The question I kept coming back to is: what if the reference model were formally verified?

This post describes a flow I’ve been building that attempts to close this gap. The idea is to write the golden model in Lean4 — a dependently typed theorem prover — prove properties about it directly, and then expose it to a cocotb simulation testbench via FFI. The RTL is then checked for equivalence against a model we can actually trust.

Why Lean4?

Lean4 is a functional programming language and interactive theorem prover built on dependent type theory. It sits in the same family as Coq, Agda, and Isabelle, but with a key difference: it is also a practical systems programming language. Lean4 compiles to native code, has a real FFI, and is fast enough to use as a runtime library — not just a proof assistant.

This makes it uniquely suited for this use case. In most verification flows, there is a painful translation boundary between the formal world and the simulation world. You prove things about a mathematical model in one language, then re-implement that model in Python or C for the testbench, and silently hope the two match. With Lean4, the model you proved is the model you run.

The Structure of the Flow

The flow has three layers.

Layer 1: The Lean4 golden model. You write the design’s behavior as a pure function (or a small state machine) in Lean4. For a combinational block, this might be a single function from inputs to outputs. For a sequential design, it is a step function from (State, Input) → (State, Output).

structure State where
  address  : UInt32
  counter  : UInt16

def step (s : State) (input : Input) : State × Output :=
  -- formally specify the RTL behavior here
  ...

The key point is that this is real, executable Lean4 code — not a specification language or a pseudocode sketch. You can run it, test it, and prove properties about it.

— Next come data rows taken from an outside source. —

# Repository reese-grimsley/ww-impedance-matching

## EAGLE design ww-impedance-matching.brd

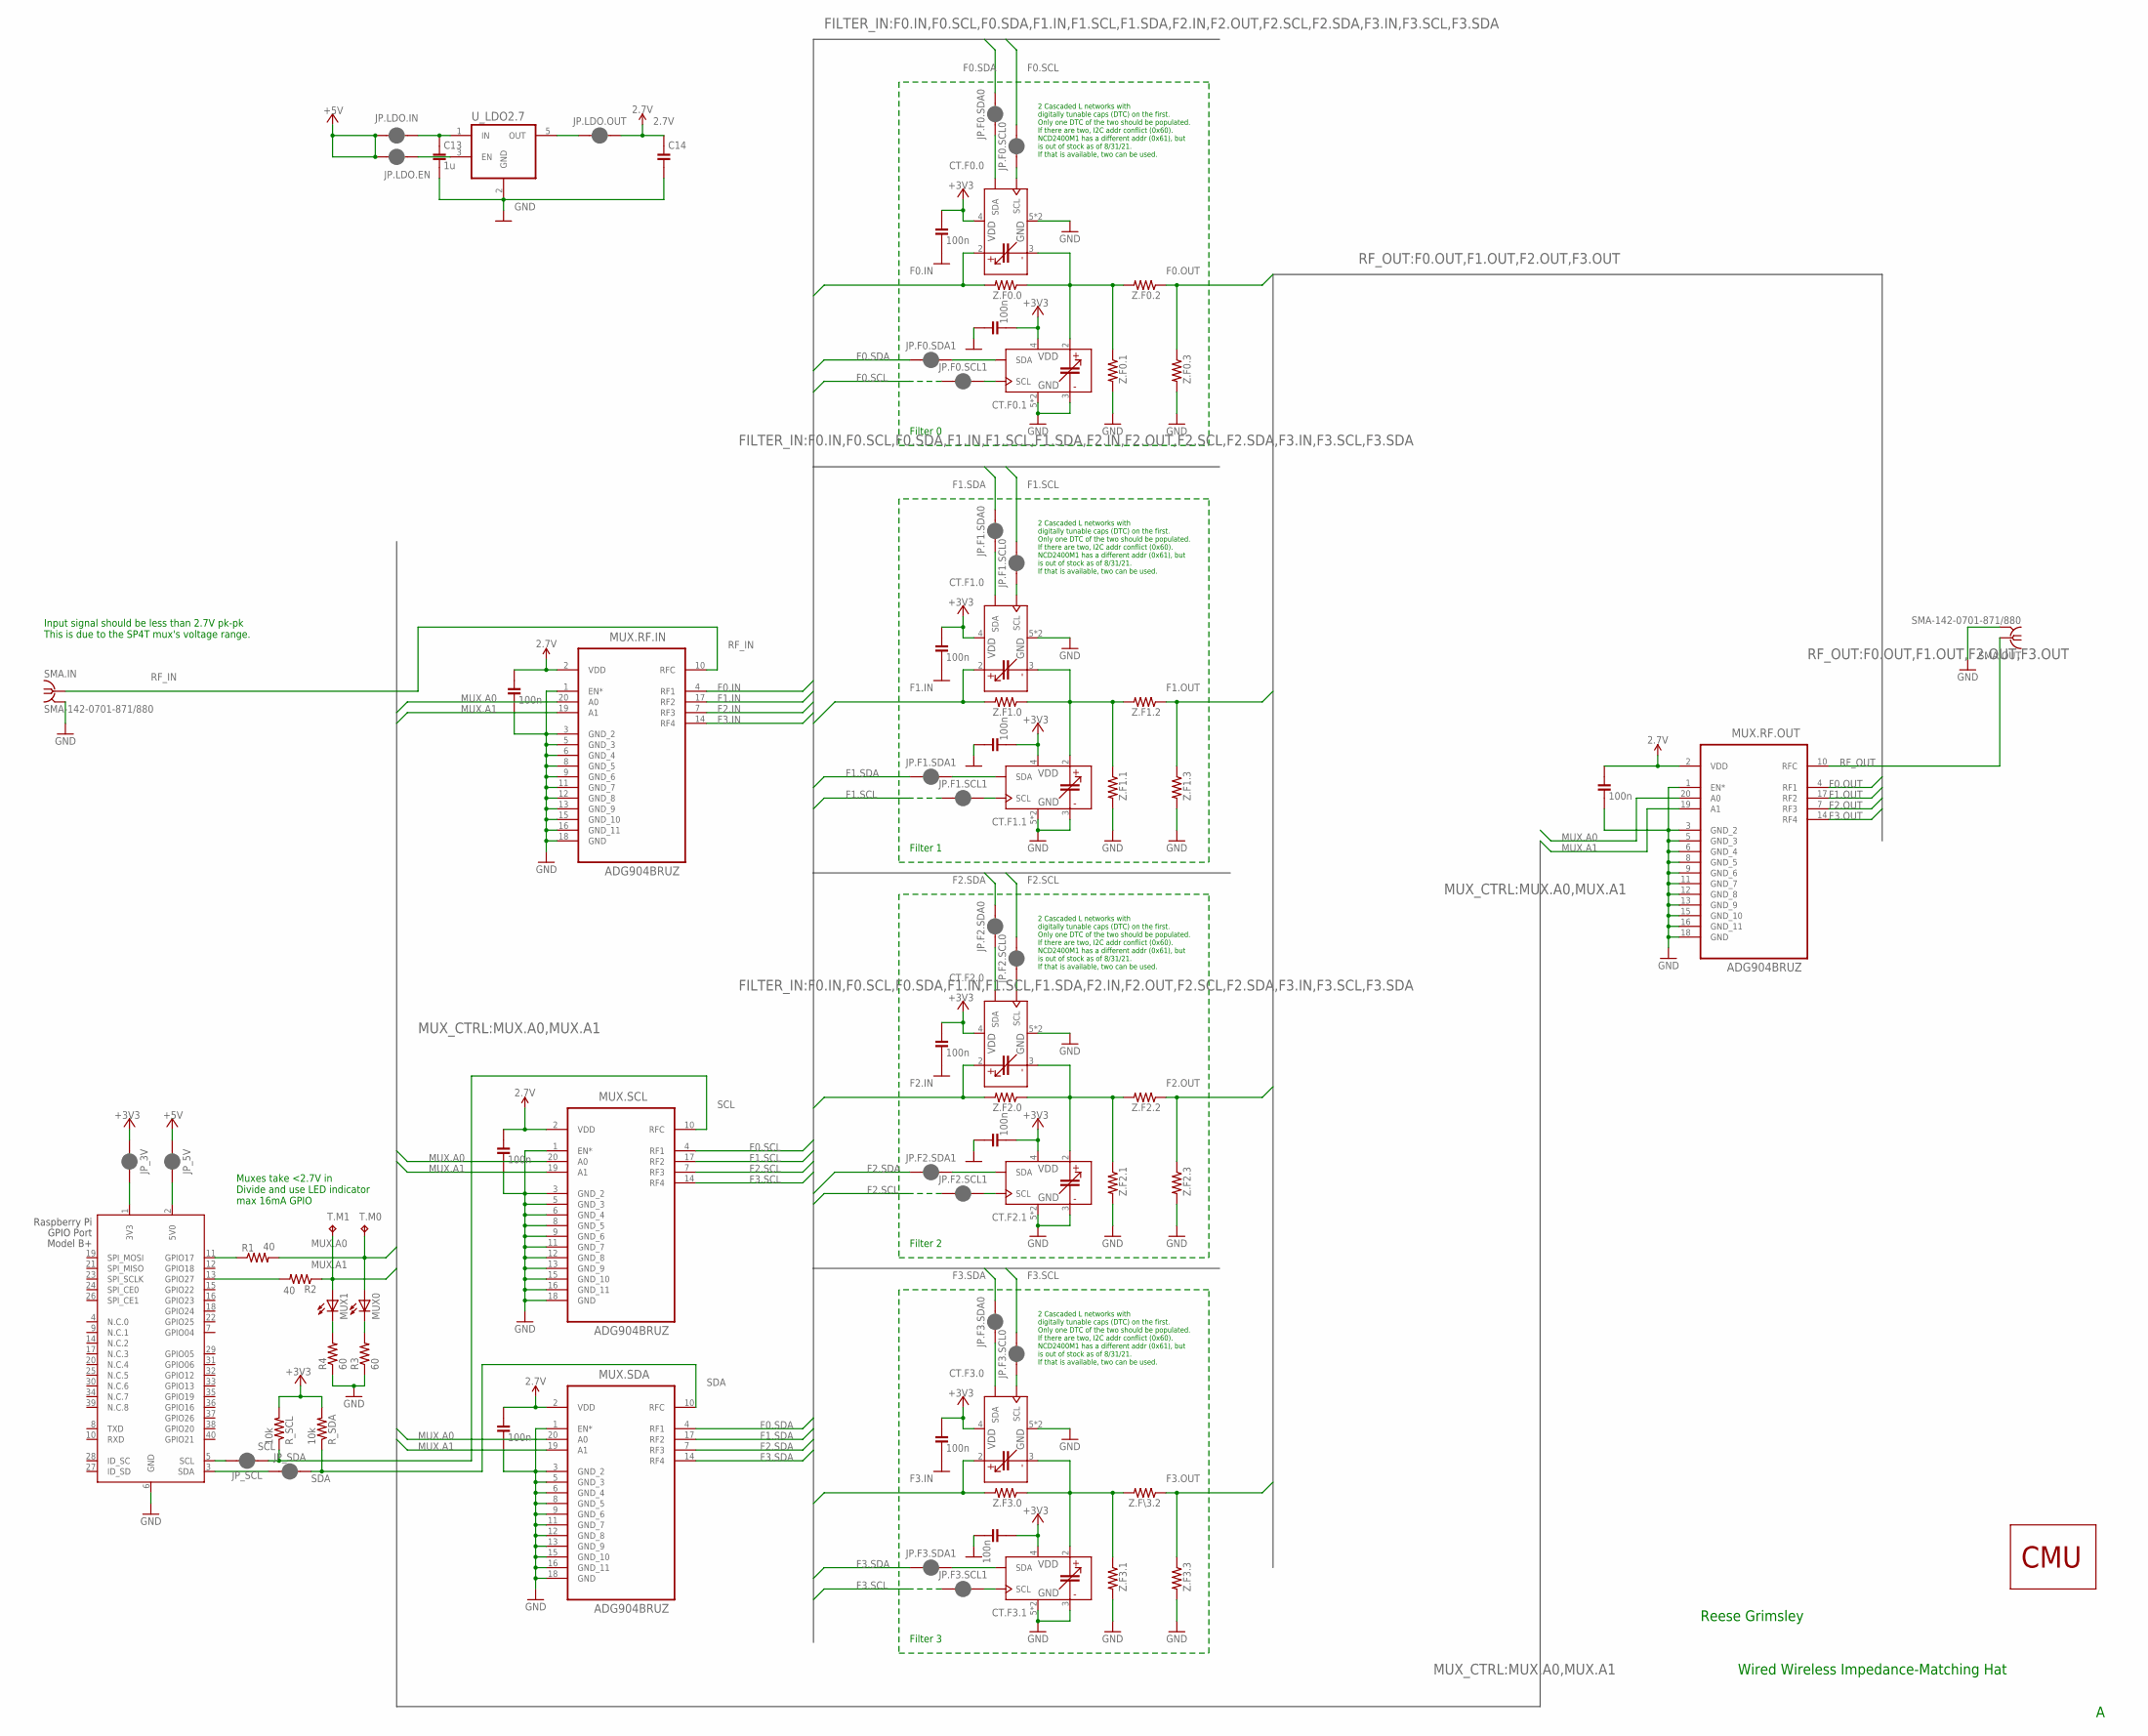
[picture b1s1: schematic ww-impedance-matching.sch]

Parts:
C1, C2, C3, C4, C5, C6, C7, C8, C9, C10, C11, C12: 100n; C0603; MPN CC0603MRX7R7BB104
C13: 1u; C0603; MPN CC0603MRX5R8BB105
C14: C-0805; C0805; MPN CC0805KPX5R6BB106
CT.F0.0, CT.F0.1, CT.F1.0, CT.F1.1, CT.F2.0, CT.F2.1, CT.F3.0, CT.F3.1: TUNABLE_CAP_NCD2400MTR; DFN-6_NCD2400M
JP.F0.SCL0, JP.F0.SCL1, JP.F0.SDA0, JP.F0.SDA1, JP.F1.SCL0, JP.F1.SCL1, JP.F1.SDA0, JP.F1.SDA1, JP.F2.SCL0, JP.F2.SCL1, JP.F2.SDA0, JP.F2.SDA1, JP.F3.SCL0, JP.F3.SCL1, JP.F3.SDA0, JP.F3.SDA1, JP.LDO.EN, JP.LDO.IN, JP.LDO.OUT: JUMPER-SMT_2_NC_PASTE_NO-SILK; SMT-JUMPER_2_NC_PASTE_NO-SILK
JP_3V, JP_5V: JUMPER-SMT_2_NC_PASTE_NO-SILK; SMT-JUMPER_2_NC_PASTE_NO-SILK
JP_SCL: JUMPER-SMT_2_NC_PASTE_NO-SILK; SMT-JUMPER_2_NC_PASTE_NO-SILK
JP_SDA: JUMPER-SMT_2_NC_PASTE_NO-SILK; SMT-JUMPER_2_NC_PASTE_NO-SILK
LOGO1: LOGO-CMU; CMU_LOGO
MUX0, MUX1: LEDCHIPLED_0603; CHIPLED_0603; MPN LSM0603412V
MUX.RF.IN, MUX.RF.OUT, MUX.SCL, MUX.SDA: ADG904BRUZ; SOP65P640X120-20N
R1, R2: 40; R0603; MPN ERJ-3EKF40R2V
R3, R4: 60; R0603; MPN ERJ-3EKF60R4V
R_SCL: 10k; R0603; MPN ERJ-PA3F1002V
R_SDA: 10k; R0603; MPN ERJ-PA3F1002V
SMA.IN, SMA.OUT: SMA-142-0701-871/880; SMA-142-0701-871; PART_NO 142-0701-871
T.M0, T.M1: TPTP14R; TP14R
U_LDO2.7: TPS76327DBVT; SOT95P280X145-5N; MPN TPS76327DBVT
X1: RASPI_BOARD_B+_E4P; RASPI_BOARD_B+_EDGES_4DRILL_PAD; MPN TSM-110-02-S-DV
Z.F0.0, Z.F0.1, Z.F0.2, Z.F0.3, Z.F1.0, Z.F1.1, Z.F1.2, Z.F1.3, Z.F2.0, Z.F2.1, Z.F2.2, Z.F2.3, Z.F3.0, Z.F3.1, Z.F3.3, Z.F\3.2: R-0603; R0603

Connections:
2.7V: C7.1, C9.1, C11.1, C12.1, C14.1, JP.LDO.OUT.1, MUX.RF.IN.2 (VDD), MUX.RF.OUT.2 (VDD), MUX.SCL.2 (VDD), MUX.SDA.2 (VDD)
3V3.JMP: JP_3V.1, X1.1 (3V3)
5V.JMP: JP_5V.1, X1.2 (5V0)
+3V3: C1.1, C2.2, C3.1, C4.1, C5.1, C6.2, C8.1, C10.2, CT.F0.0.4 (VDD), CT.F0.1.4 (VDD), CT.F1.0.4 (VDD), CT.F1.1.4 (VDD), CT.F2.0.4 (VDD), CT.F2.1.4 (VDD), CT.F3.0.4 (VDD), CT.F3.1.4 (VDD), JP_3V.2, R_SCL.2, R_SDA.2
+5V: JP.LDO.EN.2, JP.LDO.IN.2, JP_5V.2
F0.IN: CT.F0.0.2 (C+), MUX.RF.IN.4 (RF1), Z.F0.0.2
F0.OUT: MUX.RF.OUT.4 (RF1), Z.F0.2.1, Z.F0.3.1
F0.SCL: JP.F0.SCL0.1, JP.F0.SCL1.2, MUX.SCL.4 (RF1)
F0.SDA: JP.F0.SDA0.1, JP.F0.SDA1.2, MUX.SDA.4 (RF1)
F0SCL0: CT.F0.0.6 (SCL), JP.F0.SCL0.2
F0SCL1: CT.F0.1.6 (SCL), JP.F0.SCL1.1
F0SDA0: CT.F0.0.1 (SDA), JP.F0.SDA0.2
F0SDA1: CT.F0.1.1 (SDA), JP.F0.SDA1.1
F1.IN: CT.F1.0.2 (C+), MUX.RF.IN.17 (RF2), Z.F1.0.2
F1.OUT: MUX.RF.OUT.17 (RF2), Z.F1.2.1, Z.F1.3.1
F1.SCL: JP.F1.SCL0.1, JP.F1.SCL1.2, MUX.SCL.17 (RF2)
F1.SDA: JP.F1.SDA0.1, JP.F1.SDA1.2, MUX.SDA.17 (RF2)
F1SCL0: CT.F1.0.6 (SCL), JP.F1.SCL0.2
F1SCL1: CT.F1.1.6 (SCL), JP.F1.SCL1.1
F1SDA0: CT.F1.0.1 (SDA), JP.F1.SDA0.2
F1SDA1: CT.F1.1.1 (SDA), JP.F1.SDA1.1
F2.IN: CT.F2.0.2 (C+), MUX.RF.IN.7 (RF3), Z.F2.0.2
F2.OUT: MUX.RF.OUT.7 (RF3), Z.F2.2.1, Z.F2.3.1
F2.SCL: JP.F2.SCL0.1, JP.F2.SCL1.2, MUX.SCL.7 (RF3)
F2.SDA: JP.F2.SDA0.1, JP.F2.SDA1.2, MUX.SDA.7 (RF3)
F2SCL0: CT.F2.0.6 (SCL), JP.F2.SCL0.2
F2SCL1: CT.F2.1.6 (SCL), JP.F2.SCL1.1
F2SDA0: CT.F2.0.1 (SDA), JP.F2.SDA0.2
F2SDA1: CT.F2.1.1 (SDA), JP.F2.SDA1.1
F3.IN: CT.F3.0.2 (C+), MUX.RF.IN.14 (RF4), Z.F3.0.2
F3.OUT: MUX.RF.OUT.14 (RF4), Z.F3.3.1, Z.F\3.2.1
F3.SCL: JP.F3.SCL0.1, JP.F3.SCL1.2, MUX.SCL.14 (RF4)
F3.SDA: JP.F3.SDA0.1, JP.F3.SDA1.2, MUX.SDA.14 (RF4)
F3SCL0: CT.F3.0.6 (SCL), JP.F3.SCL0.2
F3SCL1: CT.F3.1.6 (SCL), JP.F3.SCL1.1
F3SDA0: CT.F3.0.1 (SDA), JP.F3.SDA0.2
F3SDA1: CT.F3.1.1 (SDA), JP.F3.SDA1.1
GND: C1.2, C2.1, C3.2, C4.2, C5.2, C6.1, C7.2, C8.2, C9.2, C10.1, C11.2, C12.2, C13.2, C14.2, CT.F0.0.5 (GND), CT.F0.0.7 (GND), CT.F0.1.3 (C-), CT.F0.1.5 (GND), CT.F0.1.7 (GND), CT.F1.0.5 (GND), CT.F1.0.7 (GND), CT.F1.1.3 (C-), CT.F1.1.5 (GND), CT.F1.1.7 (GND), CT.F2.0.5 (GND), CT.F2.0.7 (GND), CT.F2.1.3 (C-), CT.F2.1.5 (GND), CT.F2.1.7 (GND), CT.F3.0.5 (GND), CT.F3.0.7 (GND), CT.F3.1.3 (C-), CT.F3.1.5 (GND), CT.F3.1.7 (GND), MUX.RF.IN.1 (EN*), MUX.RF.IN.3 (GND_2), MUX.RF.IN.5 (GND_3), MUX.RF.IN.6 (GND_4), MUX.RF.IN.8 (GND_5), MUX.RF.IN.9 (GND_6), MUX.RF.IN.11 (GND_7), MUX.RF.IN.12 (GND_8), MUX.RF.IN.13 (GND_9), MUX.RF.IN.15 (GND_10), MUX.RF.IN.16 (GND_11), MUX.RF.IN.18 (GND), MUX.RF.OUT.1 (EN*), MUX.RF.OUT.3 (GND_2), MUX.RF.OUT.5 (GND_3), MUX.RF.OUT.6 (GND_4), MUX.RF.OUT.8 (GND_5), MUX.RF.OUT.9 (GND_6), MUX.RF.OUT.11 (GND_7), MUX.RF.OUT.12 (GND_8), MUX.RF.OUT.13 (GND_9), MUX.RF.OUT.15 (GND_10), MUX.RF.OUT.16 (GND_11), MUX.RF.OUT.18 (GND), MUX.SCL.1 (EN*), MUX.SCL.3 (GND_2), MUX.SCL.5 (GND_3), MUX.SCL.6 (GND_4), MUX.SCL.8 (GND_5), MUX.SCL.9 (GND_6), MUX.SCL.11 (GND_7), MUX.SCL.12 (GND_8), MUX.SCL.13 (GND_9), MUX.SCL.15 (GND_10), MUX.SCL.16 (GND_11), MUX.SCL.18 (GND), MUX.SDA.1 (EN*), MUX.SDA.3 (GND_2), MUX.SDA.5 (GND_3), MUX.SDA.6 (GND_4), MUX.SDA.8 (GND_5), MUX.SDA.9 (GND_6), MUX.SDA.11 (GND_7), MUX.SDA.12 (GND_8), MUX.SDA.13 (GND_9), MUX.SDA.15 (GND_10), MUX.SDA.16 (GND_11), MUX.SDA.18 (GND), R3.1, R4.1, SMA.IN.2@1 (2), SMA.IN.2@2 (2), SMA.IN.2@3 (2), SMA.IN.2@4 (2), SMA.OUT.2@1 (2), SMA.OUT.2@2 (2), SMA.OUT.2@3 (2), SMA.OUT.2@4 (2), U_LDO2.7.2 (GND), X1.6 (GND), Z.F0.1.2, Z.F0.3.2, Z.F1.1.2, Z.F1.3.2, Z.F2.1.2, Z.F2.3.2, Z.F3.1.2, Z.F3.3.2
LDO.IN: C13.1, JP.LDO.IN.1, U_LDO2.7.1 (IN)
LDO.OUT: JP.LDO.OUT.2, U_LDO2.7.5 (OUT)
MUX.A0: MUX0.A, MUX.RF.IN.20 (A0), MUX.RF.OUT.20 (A0), MUX.SCL.20 (A0), MUX.SDA.20 (A0), R1.2, T.M0.TP
MUX.A1: MUX1.A, MUX.RF.IN.19 (A1), MUX.RF.OUT.19 (A1), MUX.SCL.19 (A1), MUX.SDA.19 (A1), R2.1, T.M1.TP
unnamed: MUX1.C, R4.2
unnamed: JP.LDO.EN.1, U_LDO2.7.3 (EN)
unnamed: MUX0.C, R3.2
unnamed: R2.2, X1.13 (GPIO27)
unnamed: R1.1, X1.11 (GPIO17)
RF.F0.0: CT.F0.0.3 (C-), CT.F0.1.2 (C+), Z.F0.0.1, Z.F0.1.1, Z.F0.2.2
RF.F1.0: CT.F1.0.3 (C-), CT.F1.1.2 (C+), Z.F1.0.1, Z.F1.1.1, Z.F1.2.2
RF.F2.0: CT.F2.0.3 (C-), CT.F2.1.2 (C+), Z.F2.0.1, Z.F2.1.1, Z.F2.2.2
RF.F3.0: CT.F3.0.3 (C-), CT.F3.1.2 (C+), Z.F3.0.1, Z.F3.1.1, Z.F\3.2.2
RF_IN: MUX.RF.IN.10 (RFC), SMA.IN.1
RF_OUT: MUX.RF.OUT.10 (RFC), SMA.OUT.1
SCL: JP_SCL.2, MUX.SCL.10 (RFC), R_SCL.1
SCL.IN: JP_SCL.1, X1.5 (SCL)
SDA: JP_SDA.1, MUX.SDA.10 (RFC), R_SDA.1
SDA.IN: JP_SDA.2, X1.3 (SDA)

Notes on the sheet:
Wired Wireless Impedance-Matching Hat
Filter 0
2 Cascaded L networks with digitally tunable caps (DTC) on the first. Only one DTC of the two should be populated. If there are two, I2C addr conflict (0x60). NCD2400M1 has a different addr (0x61), but is out of stock as of 8/31/21. If that is available, two can be used.
Filter 1
Filter 2
Reese Grimsley
Filter 3
Muxes take <2.7V in Divide and use LED indicator max 16mA GPIO
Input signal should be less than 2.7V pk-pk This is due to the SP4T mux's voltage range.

Layer 2: Proofs about the model. Once the model is written, you prove properties that matter for correctness. These might be:

Invariants that must hold across all reachable states
Equivalence between two representations (e.g., a high-level spec and a detailed implementation)
Arithmetic properties (e.g., that 32-bit address wrapping is handled correctly under all inputs)

theorem address_wraps_at_32bit (s : State) (i : Input) :
    (step s i).1.address &&& 0xFFFFFFFF = (step s i).1.address := by
  simp [step, mask32]
  bv_omega

For arithmetic goals over BitVec, Lean4’s bv_omega tactic handles most cases automatically. For more complex properties, you build the proof step by step in the interactive editor, with the type checker rejecting any gap.

Layer 3: The cocotb testbench. The Lean4 model is compiled to a shared library and loaded into the Python testbench via ctypes. The testbench drives the RTL, queries the Lean4 model for the expected output, and compares them.

class MyDesignModel:
    def __init__(self, lib):
        self.lib = lib
        self.state = ...  # initialize from Lean4

    def step(self, input_val):
        return self.lib.lean_step(self.state, input_val)

This is where Hypothesis comes in. Rather than writing manual test vectors, you use Hypothesis’s stateful testing framework to generate random sequences of operations automatically. The testbench becomes a property: “for all input sequences, the RTL output matches the Lean4 golden model.”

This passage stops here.